Distinguishing influence-based contagion from homophily-driven diffusion in dynamic networks

Abstract

Node characteristics and behaviors are often correlated with the structure of social networks over time. While evidence of this type of assortative mixing and temporal clustering of behaviors among linked nodes is used to support claims of peer influence and social contagion in networks, homophily may also explain such evidence. Here we develop a dynamic matched sample estimation framework to distinguish influence and homophily effects in dynamic networks, and we apply this framework to a global instant messaging network of 27.4 million users, using data on the day-by-day adoption of a mobile service application and users' longitudinal behavioral, demographic, and geographic data. We find that previous methods overestimate peer influence in product adoption decisions in this network by 300-700%, and that homophily explains >50% of the perceived behavioral contagion. These findings and methods are essential to both our understanding of the mechanisms that drive contagions in networks and our knowledge of how to propagate or combat them in domains as diverse as epidemiology, marketing, development economics, and public health.

Fig. 1.

Diffusion of Yahoo! Go over time. (A–C and D–F) Two subgraphs of the Yahoo! IM network colored by adoption states on July 4 (the Go launch date), August 10, and October 29, 2007. For animations of the diffusion of Yahoo! Go over time see Movies S1 and S2.

Fig. 2.

Assortative mixing and temporal clustering. (A) The number of Go adopters per day from July 1 to October 29, 2007. (B) The fraction of adopters and nonadopters with a given number of adopter friends. (C) The ratio of the likelihood of adoption given n adopter friends P_a(n) and the likelihood of adoption given 0 adopter friends P_a(0) where the number of adopter friends is assessed at the time of adoption. (D) Frequency of observed dyadic differences in adoption times between friends compared with differences in adoption times between friends with randomly reassigned adoption times. Δt = t_i − t_j, where t_i represents the time of i's adoption.

Fig. 3.

Distinguishing homophily and influence. (A and B) The fraction of observed treated to untreated adopters (n₊/n₋) under random (A) and propensity score (B) matching over time.
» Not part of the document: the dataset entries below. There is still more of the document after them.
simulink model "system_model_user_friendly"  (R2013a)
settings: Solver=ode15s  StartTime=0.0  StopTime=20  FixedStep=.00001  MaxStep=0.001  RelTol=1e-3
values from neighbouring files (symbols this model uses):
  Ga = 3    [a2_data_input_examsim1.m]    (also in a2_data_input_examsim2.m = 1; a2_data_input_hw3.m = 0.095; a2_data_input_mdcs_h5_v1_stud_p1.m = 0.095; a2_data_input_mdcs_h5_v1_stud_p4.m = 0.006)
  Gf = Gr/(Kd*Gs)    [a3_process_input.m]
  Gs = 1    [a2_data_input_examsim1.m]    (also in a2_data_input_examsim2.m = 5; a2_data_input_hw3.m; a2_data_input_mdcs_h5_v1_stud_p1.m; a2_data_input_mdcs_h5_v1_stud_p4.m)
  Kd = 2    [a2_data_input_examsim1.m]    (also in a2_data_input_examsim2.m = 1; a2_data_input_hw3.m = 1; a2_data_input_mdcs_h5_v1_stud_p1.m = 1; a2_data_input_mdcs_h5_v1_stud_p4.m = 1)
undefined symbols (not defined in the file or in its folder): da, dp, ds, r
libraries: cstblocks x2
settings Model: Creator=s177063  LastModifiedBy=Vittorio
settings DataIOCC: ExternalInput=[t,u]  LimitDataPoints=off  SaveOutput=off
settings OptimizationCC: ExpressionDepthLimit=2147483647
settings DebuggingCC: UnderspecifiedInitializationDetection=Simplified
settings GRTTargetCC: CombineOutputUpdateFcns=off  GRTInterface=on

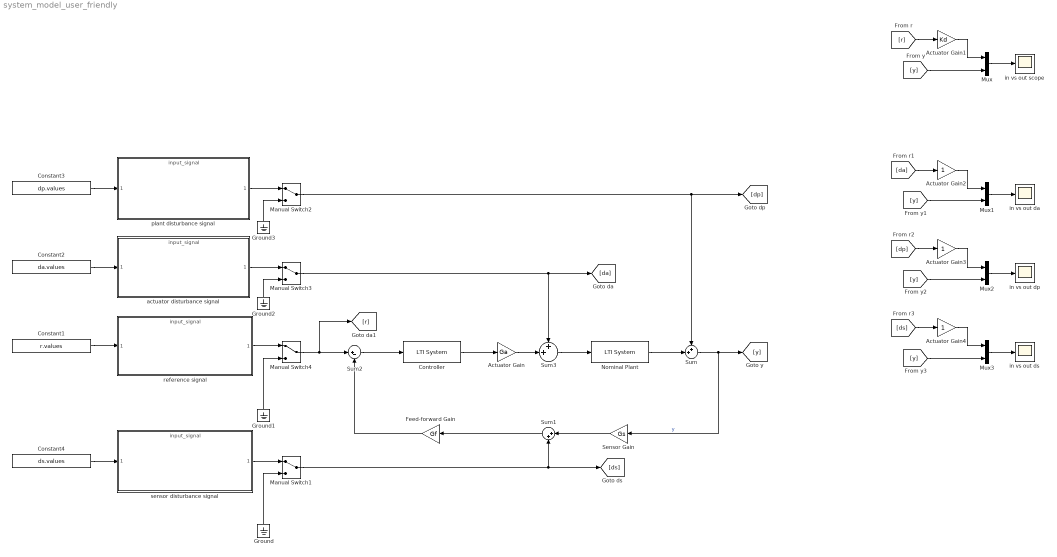
== system system_model_user_friendly ==
  Actuator Gain : Gain  Gain=Ga
  Actuator Gain1 : Gain  Gain=Kd
  Actuator Gain2 : Gain
  Actuator Gain3 : Gain
  Actuator Gain4 : Gain
  Constant1 : Constant  Value=r.values  OutDataTypeStr=Bus: slBus1
  Constant2 : Constant  Value=da.values  OutDataTypeStr=Bus: slBus1
  Constant3 : Constant  Value=dp.values  OutDataTypeStr=Bus: slBus1
  Constant4 : Constant  Value=ds.values  OutDataTypeStr=Bus: slBus1
  Controller : cstblocks/LTI System  sys=Gc.mod.value  IC=[]
  Feed-forward Gain : Gain  Gain=Gf
  Ground{,1..3} (4 alike) : Ground
  Manual Switch{1..4} (4 alike) : ManualSwitch
  Mux{,1..3} (4 alike) : Mux  Inputs=2
  Nominal Plant : cstblocks/LTI System  sys=Gp.nominal.tf  IC=[]
  Sensor Gain : Gain  Gain=Gs
  Sum : Sum  Inputs=++|
  Sum1 : Sum  Inputs=|++
  Sum2 : Sum  Inputs=|+-
  Sum3 : Sum  Inputs=++|
  actuator disturbance signal : ModelReference  ModelNameDialog=input_signal  ModelReferenceVersion=1.24  CopyOfModelName=input_signal  DefaultDataLogging=off
  in vs out da : Scope
      settings: TimeRange=0.5  YMin=0.00425  YMax=0.0085  SampleInput=on
  in vs out dp : Scope
      settings: TimeRange=0.5  YMin=7.45  YMax=8.3  SaveName=ScopeData2  SampleInput=on
  in vs out ds : Scope
      settings: TimeRange=0.5  YMin=-0.0012  YMax=0.0012  SaveName=ScopeData3  SampleInput=on
  in vs out scope : Scope
      settings: TimeRange=0.5  YMin=7.45  YMax=8.3  SampleInput=on
  plant disturbance signal : ModelReference  ModelNameDialog=input_signal  ModelReferenceVersion=1.24  CopyOfModelName=input_signal  DefaultDataLogging=off
  reference signal : ModelReference  ModelNameDialog=input_signal  ModelReferenceVersion=1.24  CopyOfModelName=input_signal  DefaultDataLogging=off
  sensor disturbance signal : ModelReference  ModelNameDialog=input_signal  ModelReferenceVersion=1.24  CopyOfModelName=input_signal  DefaultDataLogging=off
  wires:
  Sum/1 -> Sensor Gain/1, [y]  "y"
  Controller/1 -> Actuator Gain/1
  Sum3/1 -> Nominal Plant/1
  Sum2/1 -> Controller/1
  Sensor Gain/1 -> Sum1/1
  Sum1/1 -> Feed-forward Gain/1
  Feed-forward Gain/1 -> Sum2/2
  Actuator Gain/1 -> Sum3/2
  Nominal Plant/1 -> Sum/2
  Mux/1 -> in vs out scope/1
  [r] -> Actuator Gain1/1
  Actuator Gain1/1 -> Mux/1
  [y] -> Mux/2
  Constant1/1 -> reference signal/1
  Constant2/1 -> actuator disturbance signal/1
  Constant3/1 -> plant disturbance signal/1
  Constant4/1 -> sensor disturbance signal/1
  plant disturbance signal/1 -> Manual Switch2/1
  Manual Switch2/1 -> Sum/1, [dp]
  actuator disturbance signal/1 -> Manual Switch3/1
  reference signal/1 -> Manual Switch4/1
  Manual Switch4/1 -> [r], Sum2/1
  sensor disturbance signal/1 -> Manual Switch1/1
  Manual Switch1/1 -> Sum1/2, [ds]
  Ground/1 -> Manual Switch1/2
  Ground1/1 -> Manual Switch4/2
  Ground2/1 -> Manual Switch3/2
  Ground3/1 -> Manual Switch2/2
  Mux1/1 -> in vs out da/1
  [da] -> Actuator Gain2/1
  Actuator Gain2/1 -> Mux1/1
  [y] -> Mux1/2
  Mux2/1 -> in vs out dp/1
  [dp] -> Actuator Gain3/1
  Actuator Gain3/1 -> Mux2/1
  [y] -> Mux2/2
  Mux3/1 -> in vs out ds/1
  [ds] -> Actuator Gain4/1
  Actuator Gain4/1 -> Mux3/1
  [y] -> Mux3/2
  Manual Switch3/1 -> Sum3/1, [da]

The dotted line shows a ratio of 1, when treatment has no effect. The Right Inset in B graphs the average marginal influence effects of having 1, 2, 3, or 4 adopter friends implied by random (open circles) and propensity score (filled circles) matching. The Left Inset graphs the average cosine distance of attribute and behavior vectors of adopters to adopter friends as the number of adopters in the local network increases (Σ_i,jⁿ cos(x_i^a, x_j^a)/n). (C) Graphs the cosine distances of adopters to their adopter friends cos(x_itⁿ, x_jt^a), their nonadopter friends cos(x_itⁿ, x_jt), and a random alter cos(x_itⁿ, x_rt) over time with trend lines fitted by ordinary least squares. (D) The fraction of treated and untreated adopters, where treatment is defined as having a friend who adopted within a certain time period (or recency) (Δt ≡ t_i^a − t_j^a = R), under random matching (open circles) and propensity score matching (filled circles). The Inset graphs the cosine distances of dyads of adopters cos(x_itⁿ, x_jt^a) by the time interval between their adoption.

Fig. 4.

Influence and homophily effects in Go adoption. (A and B) All treated adopters (filled circles) and the number of treated adopters that can be explained by homophily (open circles) per day (A) and cumulatively over time (B). (C–E) Treatment effects are then displayed when the average strength of ego's ties to adopter friends (measured by the volume of IM message traffic) is greater than and less than the median under random and propensity score matching (C); the clustering coefficient in the network around ego is greater than and less than the median (D); and ego's page views of news content are greater than and less than the median (E).